We’re standing because we’re both much too agitated to sit. Stella could have told her this but does not. Partaking of Margot’s concern for Andrew, Stella has pushed Richard to some invisible depth of her consciousness, but still he is there, an enormous ache. A longing. A terrified premonition of loss.

“Well,” says Margot, returning with their tea sometime later (it has seemed an hour but cannot have been more than ten minutes). “How is gorgeous Richard these days?”

“Oh, I think he was sort of disappointed at not going to Cologne.” Why did she say this? Stella cannot imagine. Nor does she know why she then goes on to say, “This food conference there, you know. He was invited and all set to go, and then it was cancelled.” She emphasizes, “He was really looking forward to it.”

Meaningfully Margot takes this up. “I’ll
bet
he was disappointed.”

“Well, he was. I guess he would have mentioned it to Andrew?” But why ask Margot this? What on earth does it matter, Richard talking to Andrew; who cares what they say? “And then there was that man who jumped off the bridge,” she hurries on. “Al Bolling. Richard knew him pretty well; he was doing some work with him.”

“I knew Al Bolling,” Margot reminds her. “I met him at your party, remember? We went out for dinner. Twice. I can’t say I was surprised that he did what he did. I mean, of course I was sorry to hear it, but what a drunk, and you know those drinkers get really depressed.”

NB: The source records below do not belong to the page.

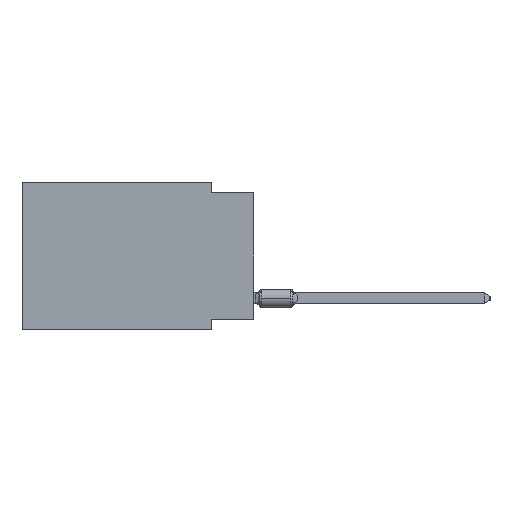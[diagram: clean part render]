
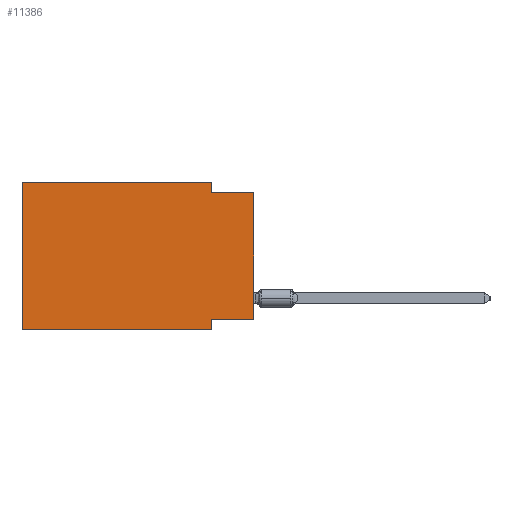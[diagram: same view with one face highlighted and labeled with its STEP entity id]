
A CAD part, left-side view. The second image highlights one B-rep face of the part: STEP entity #11386.
In plain terms, the highlighted planar face has unit normal (-1, 0, 0).
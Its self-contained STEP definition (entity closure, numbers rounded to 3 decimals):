
#711 = VERTEX_POINT ( 'NONE', #37234 ) ;
#1800 = CARTESIAN_POINT ( 'NONE',  ( 0., 13.97, 0. ) ) ;
#4820 = EDGE_CURVE ( 'NONE', #711, #18213, #7936, .T. ) ;
#5758 = CARTESIAN_POINT ( 'NONE',  ( 0., 0., -8.255 ) ) ;
#7918 = LINE ( 'NONE', #59106, #69445 ) ;
#7936 = LINE ( 'NONE', #13800, #53394 ) ;
#8537 = PLANE ( 'NONE',  #38062 ) ;
#8759 = EDGE_CURVE ( 'NONE', #11393, #50325, #51653, .T. ) ;
#8772 = EDGE_LOOP ( 'NONE', ( #74252, #38259, #61368, #68691, #27865, #81284, #55329, #64157 ) ) ;
#9767 = DIRECTION ( 'NONE',  ( 0., 0., -1. ) ) ;
#10177 = DIRECTION ( 'NONE',  ( 1., 0., 0. ) ) ;
#11386 = ADVANCED_FACE ( 'NONE', ( #65989 ), #8537, .F. ) ;
#11393 = VERTEX_POINT ( 'NONE', #23590 ) ;
#12386 = EDGE_CURVE ( 'NONE', #711, #20684, #30524, .T. ) ;
#13800 = CARTESIAN_POINT ( 'NONE',  ( 0., 0., 0. ) ) ;
#14510 = EDGE_CURVE ( 'NONE', #35108, #65586, #25752, .T. ) ;
#14939 = EDGE_CURVE ( 'NONE', #65586, #18213, #81480, .T. ) ;
#15130 = DIRECTION ( 'NONE',  ( 0., 0., 1. ) ) ;
#16684 = CARTESIAN_POINT ( 'NONE',  ( 0., 13.97, -8.89 ) ) ;
#16719 = EDGE_CURVE ( 'NONE', #50325, #35108, #7918, .T. ) ;
#18213 = VERTEX_POINT ( 'NONE', #81700 ) ;
#18332 = DIRECTION ( 'NONE',  ( 0., 1., 0. ) ) ;
#20684 = VERTEX_POINT ( 'NONE', #51122 ) ;
#22216 = EDGE_CURVE ( 'NONE', #11393, #80241, #48152, .T. ) ;
#23590 = CARTESIAN_POINT ( 'NONE',  ( 0., 13.97, -8.89 ) ) ;
#25752 = LINE ( 'NONE', #30791, #65134 ) ;
#27865 = ORIENTED_EDGE ( 'NONE', *, *, #8759, .F. ) ;
#30524 = LINE ( 'NONE', #5758, #66456 ) ;
#30791 = CARTESIAN_POINT ( 'NONE',  ( 0., 2.54, 0. ) ) ;
#35108 = VERTEX_POINT ( 'NONE', #48328 ) ;
#36391 = VECTOR ( 'NONE', #15130, 1000. ) ;
#37110 = VECTOR ( 'NONE', #68886, 1000. ) ;
#37234 = CARTESIAN_POINT ( 'NONE',  ( 0., 0., -8.255 ) ) ;
#38062 = AXIS2_PLACEMENT_3D ( 'NONE', #53422, #10177, #9767 ) ;
#38259 = ORIENTED_EDGE ( 'NONE', *, *, #14939, .F. ) ;
#38318 = DIRECTION ( 'NONE',  ( 0., 0., -1. ) ) ;
#40658 = CARTESIAN_POINT ( 'NONE',  ( 0., 2.54, -0.635 ) ) ;
#42057 = CARTESIAN_POINT ( 'NONE',  ( 0., 2.54, -8.89 ) ) ;
#45262 = DIRECTION ( 'NONE',  ( 0., -1., 0. ) ) ;
#48152 = LINE ( 'NONE', #16684, #67856 ) ;
#48328 = CARTESIAN_POINT ( 'NONE',  ( 0., 2.54, 0. ) ) ;
#50325 = VERTEX_POINT ( 'NONE', #1800 ) ;
#51122 = CARTESIAN_POINT ( 'NONE',  ( 0., 2.54, -8.255 ) ) ;
#51653 = LINE ( 'NONE', #72616, #36391 ) ;
#53394 = VECTOR ( 'NONE', #64144, 1000. ) ;
#53422 = CARTESIAN_POINT ( 'NONE',  ( 0., 13.97, 0. ) ) ;
#54038 = DIRECTION ( 'NONE',  ( 0., -1., 0. ) ) ;
#54405 = LINE ( 'NONE', #54831, #57939 ) ;
#54831 = CARTESIAN_POINT ( 'NONE',  ( 0., 2.54, -8.89 ) ) ;
#55329 = ORIENTED_EDGE ( 'NONE', *, *, #56815, .F. ) ;
#56815 = EDGE_CURVE ( 'NONE', #20684, #80241, #54405, .T. ) ;
#57939 = VECTOR ( 'NONE', #67400, 1000. ) ;
#59106 = CARTESIAN_POINT ( 'NONE',  ( 0., 13.97, 0. ) ) ;
#61368 = ORIENTED_EDGE ( 'NONE', *, *, #14510, .F. ) ;
#64144 = DIRECTION ( 'NONE',  ( 0., 0., 1. ) ) ;
#64157 = ORIENTED_EDGE ( 'NONE', *, *, #12386, .F. ) ;
#65134 = VECTOR ( 'NONE', #38318, 1000. ) ;
#65586 = VERTEX_POINT ( 'NONE', #40658 ) ;
#65989 = FACE_OUTER_BOUND ( 'NONE', #8772, .T. ) ;
#66456 = VECTOR ( 'NONE', #18332, 1000. ) ;
#67400 = DIRECTION ( 'NONE',  ( 0., 0., -1. ) ) ;
#67856 = VECTOR ( 'NONE', #54038, 1000. ) ;
#68691 = ORIENTED_EDGE ( 'NONE', *, *, #16719, .F. ) ;
#68886 = DIRECTION ( 'NONE',  ( 0., -1., 0. ) ) ;
#69445 = VECTOR ( 'NONE', #45262, 1000. ) ;
#72616 = CARTESIAN_POINT ( 'NONE',  ( 0., 13.97, 0. ) ) ;
#74252 = ORIENTED_EDGE ( 'NONE', *, *, #4820, .T. ) ;
#76005 = CARTESIAN_POINT ( 'NONE',  ( 0., 0., -0.635 ) ) ;
#80241 = VERTEX_POINT ( 'NONE', #42057 ) ;
#81284 = ORIENTED_EDGE ( 'NONE', *, *, #22216, .T. ) ;
#81480 = LINE ( 'NONE', #76005, #37110 ) ;
#81700 = CARTESIAN_POINT ( 'NONE',  ( 0., 0., -0.635 ) ) ;

After the smallest of pauses, during which Stella and possibly Margot too considers Richard’s drinking, Stella says, “And then Richard’s poor wife. His first wife, Marina. Getting killed like that. So sad.”

Ignoring poor Marina, Margot next says, “I think Richard must be
really
worried over Andrew.”

“Oh, do you?” Somewhat surprised that Margot would claim such intimate knowledge of Richard, Stella for the moment only grasps at this further (possible) explanation for Richard’s being so terribly depressed: of course, he likes Andrew, and Andrew, who is HIV positive, will almost certainly die of AIDS.

“Yes,” says Margot, and with what later strikes Stella as undue emphasis, she adds, “Very worried.”

At the time, as Stella sips her tea and considers where to go next, the knot in her stomach that is worry over Richard tightens, so that it is hard to breathe, much less think. Or respond to what is being said.

They talk very little more, and Stella leaves as soon as she can.

At the paper, amid all the good, reassuring, familiar and sometimes intolerable clatter, the clacking and humming machines, the talk, endless talk, and laughs, screeches, noisy sighs—there Stella at last is able to work. It is as though the part of her mind that has been focussed on Richard, anxiously whirling in circles around the problem of Richard, is now taken up or absorbed by the sounds of other people, leaving the rest of Stella’s attention for her work.

*  *  *

What to have for dinner.

By late afternoon this looms as an enormous problem for Stella. And it is one that has always been so easily resolved: Usually at some point during the day, if this has not been discussed at breakfast, Stella and Richard will talk on the phone, telling what happened to each of them so far in his and her day. And then one or the other will say, Shall we go out for dinner, try that new place, Suppers? It sounds good. Or, I feel like cooking, okay? I’ll make a surprise. (Either of them might say this, since they both really like to cook.) Or, shall I pick up something in North Beach?